Thanks for sharing. So are you planning on hunting elk this year?


----------



## quartz (Dec 16, 2013)

This seems really cool. Can't wait to watch it.


----------



## jshuag (Jan 16, 2014)

ridgetop said:


> Thanks for sharing. So are you planning on hunting elk this year?


This project represents what happened to me in the last 12 months. (2013) There are about 5 or so homemade videos in the series this being the first. The first few have already been made. (with results)

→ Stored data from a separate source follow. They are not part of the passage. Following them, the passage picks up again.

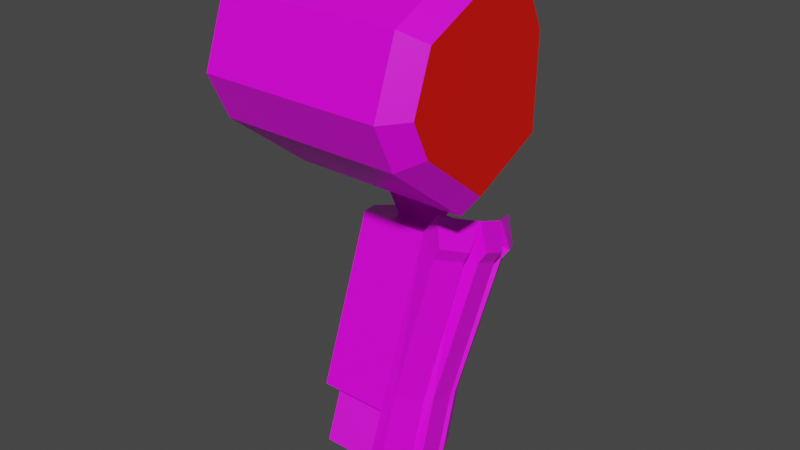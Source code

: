 # Source: mech_arm_l.blend  (saved by Blender 2.92.15; exported with 4.5.12 LTS)
import bpy
from mathutils import Matrix  # noqa: F401  (used for matrix-valued properties, if any)

bpy.ops.wm.read_factory_settings(use_empty=True)
scene = bpy.context.scene
scene.name = 'Scene'

# ---- collections
col_arml0 = bpy.data.collections.new('arml0'); scene.collection.children.link(col_arml0)

# ---- images (referenced by path relative to the original .blend; pixels are not part of the script)
import os
ASSET_DIR = os.environ.get("B2B_ASSET_DIR", "")  # directory of the original .blend (textures are referenced by path, not embedded)
HERE = os.path.dirname(os.path.abspath(__file__))  # packed textures are extracted next to this script under _unpacked/

def load_image(name, relpath, width, height, colorspace="sRGB"):
    """Load a texture the original file referenced (path relative to the .blend, or extracted next to this script)."""
    p = next((c for c in (os.path.join(HERE, relpath), os.path.join(ASSET_DIR, relpath)) if relpath and os.path.exists(c)), "")
    if p:
        img = bpy.data.images.load(p, check_existing=True)
        img.name = name
    else:  # same state as the original file: an image datablock whose file is absent (Cycles renders it pink)
        img = bpy.data.images.new(name, width, height)
        img.source = "FILE"
        img.filepath = "//" + (relpath or name)
    img.colorspace_settings.name = colorspace
    return img
img_palette4_gradient_png = load_image('palette4_gradient.png', 'palette4_gradient.png', 1024, 1024, 'sRGB')
img_robotic_jpg = load_image('robotic.jpg', 'robotic.jpg', 1024, 1024, 'sRGB')

# ---- materials (node trees are filled in below, after node groups)
mat_mat_armlow = bpy.data.materials.new('mat_armlow')
mat_mat_armlow.alpha_threshold = 0.0
mat_mat_armlow.use_backface_culling = True
mat_mat_armlow.use_transparent_shadow = False
mat_mat_armlow.line_color = (0.0, 0.0, 0.0, 1.0)
mat_mech_frame = bpy.data.materials.new('mech_frame')
mat_mech_frame.alpha_threshold = 0.0
mat_mech_frame.use_transparent_shadow = False
mat_mech_frame.line_color = (0.0, 0.0, 0.0, 1.0)
mat_mat_armup = bpy.data.materials.new('mat_armup')
mat_mat_armup.alpha_threshold = 0.0
mat_mat_armup.use_backface_culling = True
mat_mat_armup.use_transparent_shadow = False
mat_mat_armup.line_color = (0.0, 0.0, 0.0, 1.0)
mat_teamcolor = bpy.data.materials.new('TeamColor')
mat_teamcolor.use_backface_culling = True
mat_teamcolor.use_transparent_shadow = False

# ---- material node trees
mat_mat_armlow.use_nodes = True; mat_mat_armlow.node_tree.nodes.clear()
_N = mat_mat_armlow.node_tree.nodes; _L = mat_mat_armlow.node_tree.links
n0 = _N.new('ShaderNodeOutputMaterial'); n0.name = 'Material Output'; n0.location = (300, 300)
n1 = _N.new('ShaderNodeBsdfPrincipled'); n1.name = 'Principled BSDF'; n1.location = (10, 300)
n1.distribution = 'GGX'
n1.subsurface_method = 'BURLEY'
n1.inputs[2].default_value = 0.4
n1.inputs[3].default_value = 1.45
n1.inputs[27].default_value = (0.0, 0.0, 0.0, 1.0)
n1.inputs[28].default_value = 1.0
n2 = _N.new('ShaderNodeTexImage'); n2.name = 'Image Texture.001'; n2.location = (-254, 300)
n2.image = img_palette4_gradient_png
n2.interpolation = 'Closest'
_L.new(n1.outputs[0], n0.inputs[0])
_L.new(n2.outputs[0], n1.inputs[0])
n0.is_active_output = True
mat_mech_frame.use_nodes = True; mat_mech_frame.node_tree.nodes.clear()
_N = mat_mech_frame.node_tree.nodes; _L = mat_mech_frame.node_tree.links
n0 = _N.new('ShaderNodeOutputMaterial'); n0.name = 'Material Output'; n0.location = (300, 300)
n1 = _N.new('ShaderNodeBsdfPrincipled'); n1.name = 'Principled BSDF'; n1.location = (10, 300)
n1.distribution = 'GGX'
n1.subsurface_method = 'BURLEY'
n1.inputs[2].default_value = 1.0
n1.inputs[3].default_value = 1.45
n1.inputs[27].default_value = (0.0, 0.0, 0.0, 1.0)
n1.inputs[28].default_value = 1.0
n2 = _N.new('ShaderNodeTexImage'); n2.name = 'Image Texture'; n2.location = (-352, 270)
n2.image = img_robotic_jpg
_L.new(n1.outputs[0], n0.inputs[0])
_L.new(n2.outputs[0], n1.inputs[0])
n0.is_active_output = True
mat_mat_armup.use_nodes = True; mat_mat_armup.node_tree.nodes.clear()
_N = mat_mat_armup.node_tree.nodes; _L = mat_mat_armup.node_tree.links
n0 = _N.new('ShaderNodeOutputMaterial'); n0.name = 'Material Output'; n0.location = (300, 300)
n1 = _N.new('ShaderNodeBsdfPrincipled'); n1.name = 'Principled BSDF'; n1.location = (10, 300)
n1.distribution = 'GGX'
n1.subsurface_method = 'BURLEY'
n1.inputs[2].default_value = 0.4
n1.inputs[3].default_value = 1.45
n1.inputs[27].default_value = (0.0, 0.0, 0.0, 1.0)
n1.inputs[28].default_value = 1.0
n2 = _N.new('ShaderNodeTexImage'); n2.name = 'Image Texture.001'; n2.location = (-254, 300)
n2.image = img_palette4_gradient_png
n2.interpolation = 'Closest'
_L.new(n1.outputs[0], n0.inputs[0])
_L.new(n2.outputs[0], n1.inputs[0])
n0.is_active_output = True
mat_teamcolor.use_nodes = True; mat_teamcolor.node_tree.nodes.clear()
_N = mat_teamcolor.node_tree.nodes; _L = mat_teamcolor.node_tree.links
n0 = _N.new('ShaderNodeBsdfPrincipled'); n0.name = 'Principled BSDF'; n0.location = (10, 300)
n0.distribution = 'GGX'
n0.subsurface_method = 'BURLEY'
n0.inputs[0].default_value = (0.8, 0.004458, 0.0, 1.0)
n0.inputs[3].default_value = 1.45
n0.inputs[27].default_value = (0.0, 0.0, 0.0, 1.0)
n0.inputs[28].default_value = 1.0
n1 = _N.new('ShaderNodeOutputMaterial'); n1.name = 'Material Output'; n1.location = (300, 300)
_L.new(n0.outputs[0], n1.inputs[0])
n1.is_active_output = True

# ---- world
world_world = bpy.data.worlds.new('World'); scene.world = world_world
world_world.use_nodes = True; world_world.node_tree.nodes.clear()
_N = world_world.node_tree.nodes; _L = world_world.node_tree.links
n0 = _N.new('ShaderNodeOutputWorld'); n0.name = 'World Output'; n0.location = (300, 300)
n1 = _N.new('ShaderNodeBackground'); n1.name = 'Background'; n1.location = (10, 300)
n1.inputs[0].default_value = (0.05088, 0.05088, 0.05088, 1.0)
_L.new(n1.outputs[0], n0.inputs[0])
n0.is_active_output = True
world_world.color = (0.05088, 0.05088, 0.05088)
world_world.use_sun_shadow = False
world_world.sun_shadow_jitter_overblur = 0.0

# ---- meshes
me_arm0 = bpy.data.meshes.new('arm0')
me_arm0.from_pydata([(0.1045, -0.0743, -0.6302), (0.1045, 0.04541, -0.3013), (0.1045, 0.123, -0.7021), (0.1045, 0.2427, -0.3732), (0.2795, 0.1112, -0.3253), (0.0695, 0.05726, -0.6781), (0.0695, -0.008521, -0.6542), (0.0695, 0.1112, -0.3253), (0.0695, 0.177, -0.3492), (0.2445, 0.123, -0.7021), (0.2445, 0.04541, -0.3013), (0.2445, 0.2427, -0.3732), (0.2795, -0.008521, -0.6542), (0.2795, 0.05726, -0.6781), (0.2795, 0.177, -0.3492), (0.2445, -0.0743, -0.6302), (0.3182, 0.07262, -0.3491), (0.2902, 0.02, -0.3299), (0.2684, -0.06515, -0.5958), (0.2964, -0.01253, -0.6149), (0.3182, 0.1912, -0.3922), (0.2964, 0.08557, -0.6506), (0.2902, 0.2438, -0.4114), (0.2684, 0.1382, -0.6698), (0.3023, 0.01021, -0.6232), (0.3023, 0.06283, -0.6423), (0.3267, 0.1582, -0.3802), (0.3267, 0.1056, -0.3611), (0.3287, 0.07498, -0.3265), (0.3009, 0.02248, -0.3069), (0.3009, 0.2568, -0.3921), (0.3287, 0.2039, -0.3735), (0.3387, 0.1659, -0.359), (0.3387, 0.1133, -0.3399), (0.3156, 0.1911, -0.3103), (0.3156, 0.1253, -0.2864), (0.2769, 0.04457, -0.257), (0.2769, 0.2719, -0.3397), (0.2418, -0.1141, -0.745), (0.2764, -0.05005, -0.7683), (0.2732, -0.1109, -0.7159), (0.3012, -0.05825, -0.735), (0.3012, 0.04338, -0.772), (0.2732, 0.096, -0.7912), (0.3076, -0.03375, -0.744), (0.3076, 0.01887, -0.7631), (0.2764, 0.01573, -0.7922), (0.2418, 0.07974, -0.8155), (0.1331, 0.05456, -0.6856), (0.1331, -0.01474, -0.6604), (0.2069, 0.05456, -0.6856), (0.2069, -0.01474, -0.6604), (0.1089, 0.03753, -0.8033), (0.1089, -0.07735, -0.7615), (0.2311, 0.03753, -0.8033), (0.2311, -0.07735, -0.7615), (0.1089, 0.07735, -0.6939), (0.1089, -0.03753, -0.6521), (0.2311, 0.07735, -0.6939), (0.2311, -0.03753, -0.6521), (0.1331, 0.1818, -0.3361), (0.1331, 0.1125, -0.3109), (0.2069, 0.1818, -0.3361), (0.2069, 0.1125, -0.3109), (0.09723, -0.0352, -0.09671), (0.09723, 0.09671, -0.0352), (0.2428, -0.0352, -0.09671), (0.2428, 0.09671, -0.0352), (0.09723, 0.001707, -0.1759), (0.09723, 0.1336, -0.1143), (0.2428, 0.001707, -0.1759), (0.2428, 0.1336, -0.1143), (0.1336, 0.08389, -0.266), (0.1336, 0.1498, -0.2352), (0.2064, 0.08389, -0.266), (0.2064, 0.1498, -0.2352), (0.2064, 0.1868, -0.3144), (0.2064, 0.1208, -0.3451), (0.1336, 0.1868, -0.3144), (0.1336, 0.1208, -0.3451), (0.09723, -0.08987, 0.02054), (0.09723, 0.04203, 0.08205), (0.2428, -0.08987, 0.02054), (0.2428, 0.04203, 0.08205), (0.4114, -0.004788, 0.2016), (0.4114, 0.1353, 0.09039), (0.4114, -0.01456, -0.156), (0.4114, -0.1885, 0.02766), (0.4114, 0.1015, 0.1629), (0.4114, -0.1498, 0.134), (0.4114, 0.1304, -0.08843), (0.4114, -0.1547, -0.04484), (0.01138, -0.1888, -0.06628), (0.01138, 0.1676, -0.1208), (0.01138, -0.1827, 0.1572), (0.01138, 0.1314, 0.1934), (0.01138, -0.2311, 0.02435), (0.01138, -0.01367, -0.2053), (0.01138, 0.1737, 0.1028), (0.01138, -0.001454, 0.2418), (0.3714, -0.1888, -0.06628), (0.3714, 0.1676, -0.1208), (0.3714, -0.1827, 0.1572), (0.3714, 0.1314, 0.1934), (0.3714, -0.2311, 0.02435), (0.3714, -0.01367, -0.2053), (0.3714, 0.1737, 0.1028), (0.3714, -0.001454, 0.2418)], [], [(5, 8, 3, 2), (2, 3, 11, 9), (15, 10, 1, 0), (2, 9, 13, 12, 15, 0, 6, 5), (11, 3, 8, 7, 1, 10, 4, 14), (0, 1, 7, 6), (6, 7, 8, 5), (13, 14, 26, 25), (4, 12, 24, 27), (9, 11, 22, 23), (19, 16, 17, 18), (23, 22, 20, 21), (25, 26, 27, 24), (24, 12, 39, 44), (27, 26, 32, 33), (14, 13, 21, 20), (13, 25, 45, 46), (14, 4, 35, 34), (12, 4, 16, 19), (20, 22, 30, 31), (18, 15, 38, 40), (10, 15, 18, 17), (37, 34, 31, 30), (35, 36, 29, 28), (34, 35, 33, 32), (16, 4, 35, 28), (17, 16, 28, 29), (4, 10, 36, 35), (14, 20, 31, 34), (4, 27, 33, 35), (22, 11, 37, 30), (11, 14, 34, 37), (26, 14, 34, 32), (10, 17, 29, 36), (38, 39, 41, 40), (46, 47, 43, 42), (39, 46, 45, 44), (23, 21, 42, 43), (12, 13, 46, 39), (25, 24, 44, 45), (21, 13, 46, 42), (12, 19, 41, 39), (19, 18, 40, 41), (9, 23, 43, 47), (15, 12, 39, 38), (13, 9, 47, 46), (49, 51, 63, 61), (53, 52, 54, 55), (59, 57, 53, 55), (58, 59, 55, 54), (56, 58, 54, 52), (57, 56, 52, 53), (49, 48, 56, 57), (50, 51, 59, 58), (48, 50, 58, 56), (51, 49, 57, 59), (61, 63, 62, 60), (51, 50, 62, 63), (50, 48, 60, 62), (48, 49, 61, 60), (66, 67, 83, 82), (66, 64, 68, 70), (71, 70, 74, 75), (65, 67, 71, 69), (67, 66, 70, 71), (64, 65, 69, 68), (68, 69, 73, 72), (70, 68, 72, 74), (69, 71, 75, 73), (73, 75, 76, 78), (74, 72, 79, 77), (75, 74, 77, 76), (72, 73, 78, 79), (81, 80, 82, 83), (65, 64, 80, 81), (64, 66, 82, 80), (67, 65, 81, 83), (101, 106, 85, 90), (100, 105, 86, 91), (86, 90, 85, 88, 84, 89, 87, 91), (106, 103, 88, 85), (102, 104, 87, 89), (104, 100, 91, 87), (98, 95, 103, 106), (93, 98, 106, 101), (97, 92, 96, 94, 99, 95, 98, 93), (94, 96, 104, 102), (103, 107, 84, 88), (96, 92, 100, 104), (95, 99, 107, 103), (92, 97, 105, 100), (99, 94, 102, 107), (97, 93, 101, 105), (105, 101, 90, 86), (107, 102, 89, 84)])
me_arm0.polygons.foreach_set('material_index', [0, 0, 0, 0, 0, 0, 0, 0, 0, 0, 0, 0, 0, 0, 0, 0, 0, 0, 0, 0, 0, 0, 0, 0, 0, 0, 0, 0, 0, 0, 0, 0, 0, 0, 0, 0, 0, 0, 0, 0, 0, 0, 0, 0, 0, 0, 1, 1, 1, 1, 1, 1, 1, 1, 1, 1, 1, 1, 1, 1, 1, 1, 1, 1, 1, 1, 1, 1, 1, 1, 1, 1, 1, 1, 1, 1, 1, 2, 2, 3, 2, 2, 2, 2, 2, 2, 2, 2, 2, 2, 2, 2, 2, 2, 2])
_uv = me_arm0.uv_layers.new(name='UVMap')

I'm planning on hunting elk in 2014 though. Cows only unless I don't draw on deer. I don't know if I could do Bull Elk, cows, and deer in one season. That would be a lot of effort, $'s, and work. So I only plan on 2 out of 3 this coming season. (Baby on the way right now so money is getting tight.)

I have offered to help other people though with there animals (drag out) but haven't had any takers yet.


----------



## CurrentCreekHunter (May 4, 2013)

Good video...interested to see part 2


----------



## ridgetop (Sep 13, 2007)

If you have not hunted elk before, I would not try to tackle a big bull by yourself. 
Start with a spike or cow. 
Just for some reference. I shot a nice 4-5 year old bull in 08 and I had the meat processed. I took the bull in whole and received 275 lbs. back. The meat cutter told me that was one of the biggest bulls he cut up that year. This past year, I shot a bigger bull (5-7 yr. old) His skull was even a couple inches wider and longer than the 08 bull.
For a taxidermist, a 30-33 inch neck is considered really big. My bull had a 31" neck and I received about 325 lbs. of meat back. 
Here's a video of me walking up on my bull from this year. Hope you enjoy.
I couldn't even imagine trying to pack it out alone.


----------



## RandomElk16 (Sep 17, 2013)

Beautiful bull ridge! I don't have sound for vid right now, but do you say where its at? If not was it LE, public, or private? Thank you so much in advance!


----------



## ridgetop (Sep 13, 2007)

RandomElk16 said:


> Beautiful bull ridge! I don't have sound for vid right now, but do you say where its at? If not was it LE, public, or private? Thank you so much in advance!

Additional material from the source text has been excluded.